Task to complete | Among the lines below, a stretch begins at the one with "#103=CARTESIAN_POINT('',(41.5,18.,-35.5));" and ends at the one with "#128=CARTESIAN_POINT('',(28.,-6.,-35.5));". Repeat that stretch exactly, ends included.

The records |
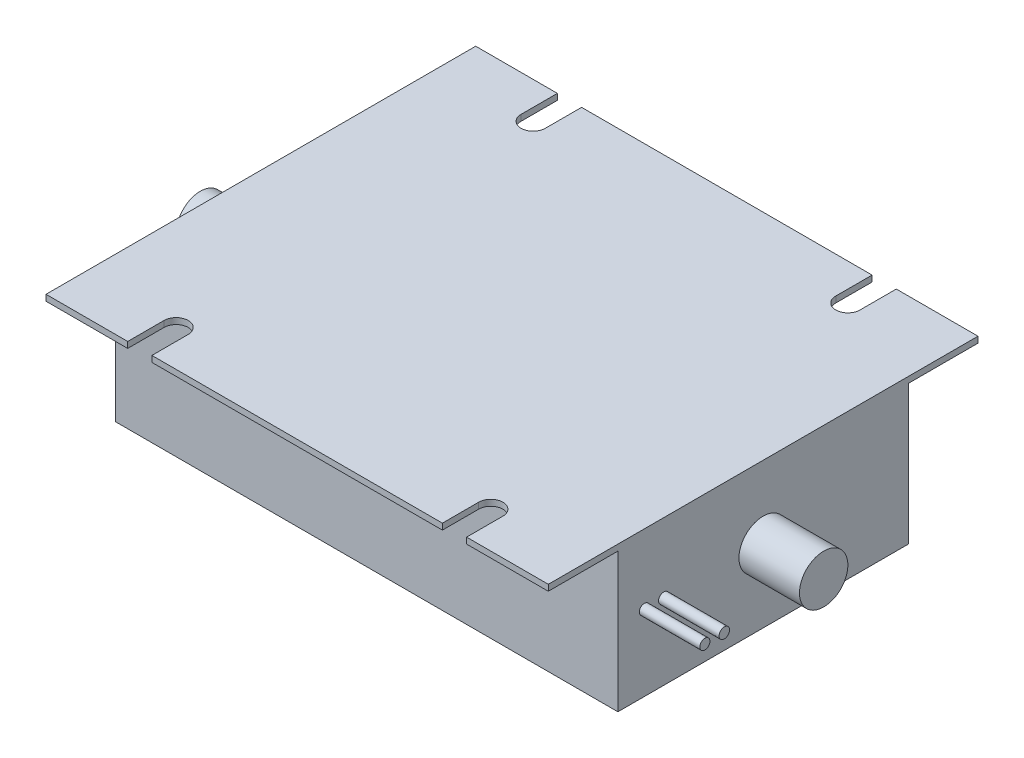
ISO-10303-21;
HEADER;
FILE_DESCRIPTION(('STEP AP214'),'2;1');
FILE_NAME('part.step','',(''),(''),'','','');
FILE_SCHEMA(('AUTOMOTIVE_DESIGN { 1 0 10303 214 1 1 1 1 }'));
ENDSEC;
DATA;
#1=APPLICATION_CONTEXT('core data for automotive mechanical design processes');
#2=APPLICATION_PROTOCOL_DEFINITION('international standard','automotive_design',2000,#1);
#3=PRODUCT_CONTEXT('',#1,'mechanical');
#4=PRODUCT('Part','Part','',(#3));
#5=PRODUCT_RELATED_PRODUCT_CATEGORY('part','',(#4));
#6=PRODUCT_DEFINITION_FORMATION('','',#4);
#7=PRODUCT_DEFINITION_CONTEXT('part definition',#1,'design');
#8=PRODUCT_DEFINITION('design','',#6,#7);
#9=PRODUCT_DEFINITION_SHAPE('','',#8);
#10=(LENGTH_UNIT() NAMED_UNIT(*) SI_UNIT(.MILLI.,.METRE.));
#11=(NAMED_UNIT(*) PLANE_ANGLE_UNIT() SI_UNIT($,.RADIAN.));
#12=(NAMED_UNIT(*) SI_UNIT($,.STERADIAN.) SOLID_ANGLE_UNIT());
#13=UNCERTAINTY_MEASURE_WITH_UNIT(LENGTH_MEASURE(1.E-05),#10,'distance_accuracy_value','');
#14=(GEOMETRIC_REPRESENTATION_CONTEXT(3) GLOBAL_UNCERTAINTY_ASSIGNED_CONTEXT((#13)) GLOBAL_UNIT_ASSIGNED_CONTEXT((#10,
#11,#12)) REPRESENTATION_CONTEXT('',''));
#15=CARTESIAN_POINT('',(0.,0.,0.));
#16=DIRECTION('',(0.,0.,1.));
#17=DIRECTION('',(1.,0.,0.));
#18=AXIS2_PLACEMENT_3D('',#15,#16,#17);
#19=CARTESIAN_POINT('',(0.,0.,35.5));
#20=DIRECTION('',(0.,0.,1.));
#21=DIRECTION('',(1.,0.,0.));
#22=AXIS2_PLACEMENT_3D('',#19,#20,#21);
#23=PLANE('',#22);
#24=DIRECTION('',(-1.,0.,0.));
#25=VECTOR('',#24,1.);
#26=CARTESIAN_POINT('',(-41.5,17.,35.5));
#27=LINE('',#26,#25);
#28=CARTESIAN_POINT('',(24.,17.,35.5));
#29=VERTEX_POINT('',#28);
#30=CARTESIAN_POINT('',(-24.,17.,35.5));
#31=VERTEX_POINT('',#30);
#32=EDGE_CURVE('E304',#29,#31,#27,.T.);
#33=ORIENTED_EDGE('',*,*,#32,.F.);
#34=DIRECTION('',(0.,1.,0.));
#35=VECTOR('',#34,1.);
#36=CARTESIAN_POINT('',(24.,0.,35.5));
#37=LINE('',#36,#35);
#38=CARTESIAN_POINT('',(24.,18.,35.5));
#39=VERTEX_POINT('',#38);
#40=EDGE_CURVE('E373',#29,#39,#37,.T.);
#41=ORIENTED_EDGE('',*,*,#40,.T.);
#42=DIRECTION('',(1.,0.,0.));
#43=VECTOR('',#42,1.);
#44=CARTESIAN_POINT('',(41.5,18.,35.5));
#45=LINE('',#44,#43);
#46=CARTESIAN_POINT('',(-24.,18.,35.5));
#47=VERTEX_POINT('',#46);
#48=EDGE_CURVE('E215',#47,#39,#45,.T.);
#49=ORIENTED_EDGE('',*,*,#48,.F.);
#50=DIRECTION('',(0.,1.,0.));
#51=VECTOR('',#50,1.);
#52=CARTESIAN_POINT('',(-24.,0.,35.5));
#53=LINE('',#52,#51);
#54=EDGE_CURVE('E368',#31,#47,#53,.T.);
#55=ORIENTED_EDGE('',*,*,#54,.F.);
#56=EDGE_LOOP('',(#33,#41,#49,#55));
#57=FACE_BOUND('',#56,.T.);
#58=ADVANCED_FACE('F33',(#57),#23,.T.);
#59=CARTESIAN_POINT('',(-28.,17.,35.5));
#60=VERTEX_POINT('',#59);
#61=CARTESIAN_POINT('',(-41.5,17.,35.5));
#62=VERTEX_POINT('',#61);
#63=EDGE_CURVE('E299',#60,#62,#27,.T.);
#64=ORIENTED_EDGE('',*,*,#63,.F.);
#65=DIRECTION('',(0.,1.,0.));
#66=VECTOR('',#65,1.);
#67=CARTESIAN_POINT('',(-28.,0.,35.5));
#68=LINE('',#67,#66);
#69=CARTESIAN_POINT('',(-28.,18.,35.5));
#70=VERTEX_POINT('',#69);
#71=EDGE_CURVE('E366',#60,#70,#68,.T.);
#72=ORIENTED_EDGE('',*,*,#71,.T.);
#73=CARTESIAN_POINT('',(-41.5,18.,35.5));
#74=VERTEX_POINT('',#73);
#75=EDGE_CURVE('E283',#74,#70,#45,.T.);
#76=ORIENTED_EDGE('',*,*,#75,.F.);
#77=DIRECTION('',(0.,1.,0.));
#78=VECTOR('',#77,1.);
#79=CARTESIAN_POINT('',(-41.5,18.,35.5));
#80=LINE('',#79,#78);
#81=EDGE_CURVE('E303',#62,#74,#80,.T.);
#82=ORIENTED_EDGE('',*,*,#81,.F.);
#83=EDGE_LOOP('',(#64,#72,#76,#82));
#84=FACE_BOUND('',#83,.T.);
#85=ADVANCED_FACE('F448',(#84),#23,.T.);
#86=CARTESIAN_POINT('',(0.,0.,-35.5));
#87=DIRECTION('',(0.,0.,1.));
#88=DIRECTION('',(1.,0.,0.));
#89=AXIS2_PLACEMENT_3D('',#86,#87,#88);
#90=PLANE('',#89);
#91=DIRECTION('',(0.,1.,0.));
#92=VECTOR('',#91,1.);
#93=CARTESIAN_POINT('',(-24.,-6.,-35.5));
#94=LINE('',#93,#92);
#95=CARTESIAN_POINT('',(-24.,17.,-35.5));
#96=VERTEX_POINT('',#95);
#97=CARTESIAN_POINT('',(-24.,18.,-35.5));
#98=VERTEX_POINT('',#97);
#99=EDGE_CURVE('E256',#96,#98,#94,.T.);
#100=ORIENTED_EDGE('',*,*,#99,.T.);
#101=DIRECTION('',(1.,0.,0.));
#102=VECTOR('',#101,1.);
#103=CARTESIAN_POINT('',(41.5,18.,-35.5));
#104=LINE('',#103,#102);
#105=CARTESIAN_POINT('',(24.,18.,-35.5));
#106=VERTEX_POINT('',#105);
#107=EDGE_CURVE('E296',#98,#106,#104,.T.);
#108=ORIENTED_EDGE('',*,*,#107,.T.);
#109=DIRECTION('',(0.,1.,0.));
#110=VECTOR('',#109,1.);
#111=CARTESIAN_POINT('',(24.,-6.,-35.5));
#112=LINE('',#111,#110);
#113=CARTESIAN_POINT('',(24.,17.,-35.5));
#114=VERTEX_POINT('',#113);
#115=EDGE_CURVE('E272',#114,#106,#112,.T.);
#116=ORIENTED_EDGE('',*,*,#115,.F.);
#117=DIRECTION('',(-1.,0.,0.));
#118=VECTOR('',#117,1.);
#119=CARTESIAN_POINT('',(-41.5,17.,-35.5));
#120=LINE('',#119,#118);
#121=EDGE_CURVE('E288',#114,#96,#120,.T.);
#122=ORIENTED_EDGE('',*,*,#121,.T.);
#123=EDGE_LOOP('',(#100,#108,#116,#122));
#124=FACE_BOUND('',#123,.T.);
#125=ADVANCED_FACE('F398',(#124),#90,.F.);
#126=DIRECTION('',(0.,1.,0.));
#127=VECTOR('',#126,1.);
#128=CARTESIAN_POINT('',(28.,-6.,-35.5));
#129=LINE('',#128,#127);
#130=CARTESIAN_POINT('',(28.,17.,-35.5));
#131=VERTEX_POINT('',#130);
#132=CARTESIAN_POINT('',(28.,18.,-35.5));
#133=VERTEX_POINT('',#132);
#134=EDGE_CURVE('E275',#131,#133,#129,.T.);
#135=ORIENTED_EDGE('',*,*,#134,.T.);
#136=CARTESIAN_POINT('',(41.5,18.,-35.5));
#137=VERTEX_POINT('',#136);
#138=EDGE_CURVE('E291',#133,#137,#104,.T.);
#139=ORIENTED_EDGE('',*,*,#138,.T.);
#140=DIRECTION('',(0.,-1.,0.));
#141=VECTOR('',#140,1.);
#142=CARTESIAN_POINT('',(41.5,17.,-35.5));
#143=LINE('',#142,#141);
#144=CARTESIAN_POINT('',(41.5,17.,-35.5));
#145=VERTEX_POINT('',#144);
#146=EDGE_CURVE('E279',#137,#145,#143,.T.);
#147=ORIENTED_EDGE('',*,*,#146,.T.);
#148=EDGE_CURVE('E284',#145,#131,#120,.T.);
#149=ORIENTED_EDGE('',*,*,#148,.T.);
#150=EDGE_LOOP('',(#135,#139,#147,#149));
#151=FACE_BOUND('',#150,.T.);
#152=ADVANCED_FACE('F543',(#151),#90,.F.);
#153=CARTESIAN_POINT('',(-41.5,-6.,24.));
#154=DIRECTION('',(0.,0.,1.));
#155=DIRECTION('',(1.,0.,0.));
#156=AXIS2_PLACEMENT_3D('',#153,#154,#155);
#157=PLANE('',#156);
#158=DIRECTION('',(0.,1.,0.));
#159=VECTOR('',#158,1.);
#160=CARTESIAN_POINT('',(41.5,-6.,24.));
#161=LINE('',#160,#159);
#162=CARTESIAN_POINT('',(41.5,-6.,24.));
#163=VERTEX_POINT('',#162);
#164=CARTESIAN_POINT('',(41.5,17.,24.));
#165=VERTEX_POINT('',#164);
#166=EDGE_CURVE('E336',#163,#165,#161,.T.);
#167=ORIENTED_EDGE('',*,*,#166,.T.);
#168=DIRECTION('',(-1.,0.,0.));
#169=VECTOR('',#168,1.);
#170=CARTESIAN_POINT('',(-41.5,17.,24.));
#171=LINE('',#170,#169);
#172=CARTESIAN_POINT('',(-41.5,17.,24.));
#173=VERTEX_POINT('',#172);
#174=EDGE_CURVE('E319',#165,#173,#171,.T.);
#175=ORIENTED_EDGE('',*,*,#174,.T.);
#176=DIRECTION('',(0.,1.,0.));
#177=VECTOR('',#176,1.);
#178=CARTESIAN_POINT('',(-41.5,-6.,24.));
#179=LINE('',#178,#177);
#180=CARTESIAN_POINT('',(-41.5,-6.,24.));
#181=VERTEX_POINT('',#180);
#182=EDGE_CURVE('E340',#181,#173,#179,.T.);
#183=ORIENTED_EDGE('',*,*,#182,.F.);
#184=DIRECTION('',(1.,0.,0.));
#185=VECTOR('',#184,1.);
#186=CARTESIAN_POINT('',(-41.5,-6.,24.));
#187=LINE('',#186,#185);
#188=EDGE_CURVE('E323',#181,#163,#187,.T.);
#189=ORIENTED_EDGE('',*,*,#188,.T.);
#190=EDGE_LOOP('',(#167,#175,#183,#189));
#191=FACE_BOUND('',#190,.T.);
#192=ADVANCED_FACE('F35',(#191),#157,.T.);
#193=CARTESIAN_POINT('',(41.5,-6.,-24.));
#194=DIRECTION('',(0.,0.,-1.));
#195=DIRECTION('',(-1.,0.,0.));
#196=AXIS2_PLACEMENT_3D('',#193,#194,#195);
#197=PLANE('',#196);
#198=DIRECTION('',(0.,1.,0.));
#199=VECTOR('',#198,1.);
#200=CARTESIAN_POINT('',(-41.5,-6.,-24.));
#201=LINE('',#200,#199);
#202=CARTESIAN_POINT('',(-41.5,-6.,-24.));
#203=VERTEX_POINT('',#202);
#204=CARTESIAN_POINT('',(-41.5,17.,-24.));
#205=VERTEX_POINT('',#204);
#206=EDGE_CURVE('E344',#203,#205,#201,.T.);
#207=ORIENTED_EDGE('',*,*,#206,.T.);
#208=DIRECTION('',(1.,0.,0.));
#209=VECTOR('',#208,1.);
#210=CARTESIAN_POINT('',(41.5,17.,-24.));
#211=LINE('',#210,#209);
#212=CARTESIAN_POINT('',(41.5,17.,-24.));
#213=VERTEX_POINT('',#212);
#214=EDGE_CURVE('E316',#205,#213,#211,.T.);
#215=ORIENTED_EDGE('',*,*,#214,.T.);
#216=DIRECTION('',(0.,1.,0.));
#217=VECTOR('',#216,1.);
#218=CARTESIAN_POINT('',(41.5,-6.,-24.));
#219=LINE('',#218,#217);
#220=CARTESIAN_POINT('',(41.5,-6.,-24.));
#221=VERTEX_POINT('',#220);
#222=EDGE_CURVE('E347',#221,#213,#219,.T.);
#223=ORIENTED_EDGE('',*,*,#222,.F.);
#224=DIRECTION('',(-1.,0.,0.));
#225=VECTOR('',#224,1.);
#226=CARTESIAN_POINT('',(41.5,-6.,-24.));
#227=LINE('',#226,#225);
#228=EDGE_CURVE('E330',#221,#203,#227,.T.);
#229=ORIENTED_EDGE('',*,*,#228,.T.);
#230=EDGE_LOOP('',(#207,#215,#223,#229));
#231=FACE_BOUND('',#230,.T.);
#232=ADVANCED_FACE('F476',(#231),#197,.T.);
#233=CARTESIAN_POINT('',(-41.5,-6.,-24.));
#234=DIRECTION('',(-1.,0.,0.));
#235=DIRECTION('',(0.,0.,1.));
#236=AXIS2_PLACEMENT_3D('',#233,#234,#235);
#237=PLANE('',#236);
#238=CARTESIAN_POINT('',(-41.5,6.,0.));
#239=DIRECTION('',(-1.,0.,0.));
#240=DIRECTION('',(0.,0.,1.));
#241=AXIS2_PLACEMENT_3D('',#238,#239,#240);
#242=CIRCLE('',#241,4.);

Result of the task |
#103=CARTESIAN_POINT('',(41.5,18.,-35.5));
#104=LINE('',#103,#102);
#105=CARTESIAN_POINT('',(24.,18.,-35.5));
#106=VERTEX_POINT('',#105);
#107=EDGE_CURVE('E296',#98,#106,#104,.T.);
#108=ORIENTED_EDGE('',*,*,#107,.T.);
#109=DIRECTION('',(0.,1.,0.));
#110=VECTOR('',#109,1.);
#111=CARTESIAN_POINT('',(24.,-6.,-35.5));
#112=LINE('',#111,#110);
#113=CARTESIAN_POINT('',(24.,17.,-35.5));
#114=VERTEX_POINT('',#113);
#115=EDGE_CURVE('E272',#114,#106,#112,.T.);
#116=ORIENTED_EDGE('',*,*,#115,.F.);
#117=DIRECTION('',(-1.,0.,0.));
#118=VECTOR('',#117,1.);
#119=CARTESIAN_POINT('',(-41.5,17.,-35.5));
#120=LINE('',#119,#118);
#121=EDGE_CURVE('E288',#114,#96,#120,.T.);
#122=ORIENTED_EDGE('',*,*,#121,.T.);
#123=EDGE_LOOP('',(#100,#108,#116,#122));
#124=FACE_BOUND('',#123,.T.);
#125=ADVANCED_FACE('F398',(#124),#90,.F.);
#126=DIRECTION('',(0.,1.,0.));
#127=VECTOR('',#126,1.);
#128=CARTESIAN_POINT('',(28.,-6.,-35.5));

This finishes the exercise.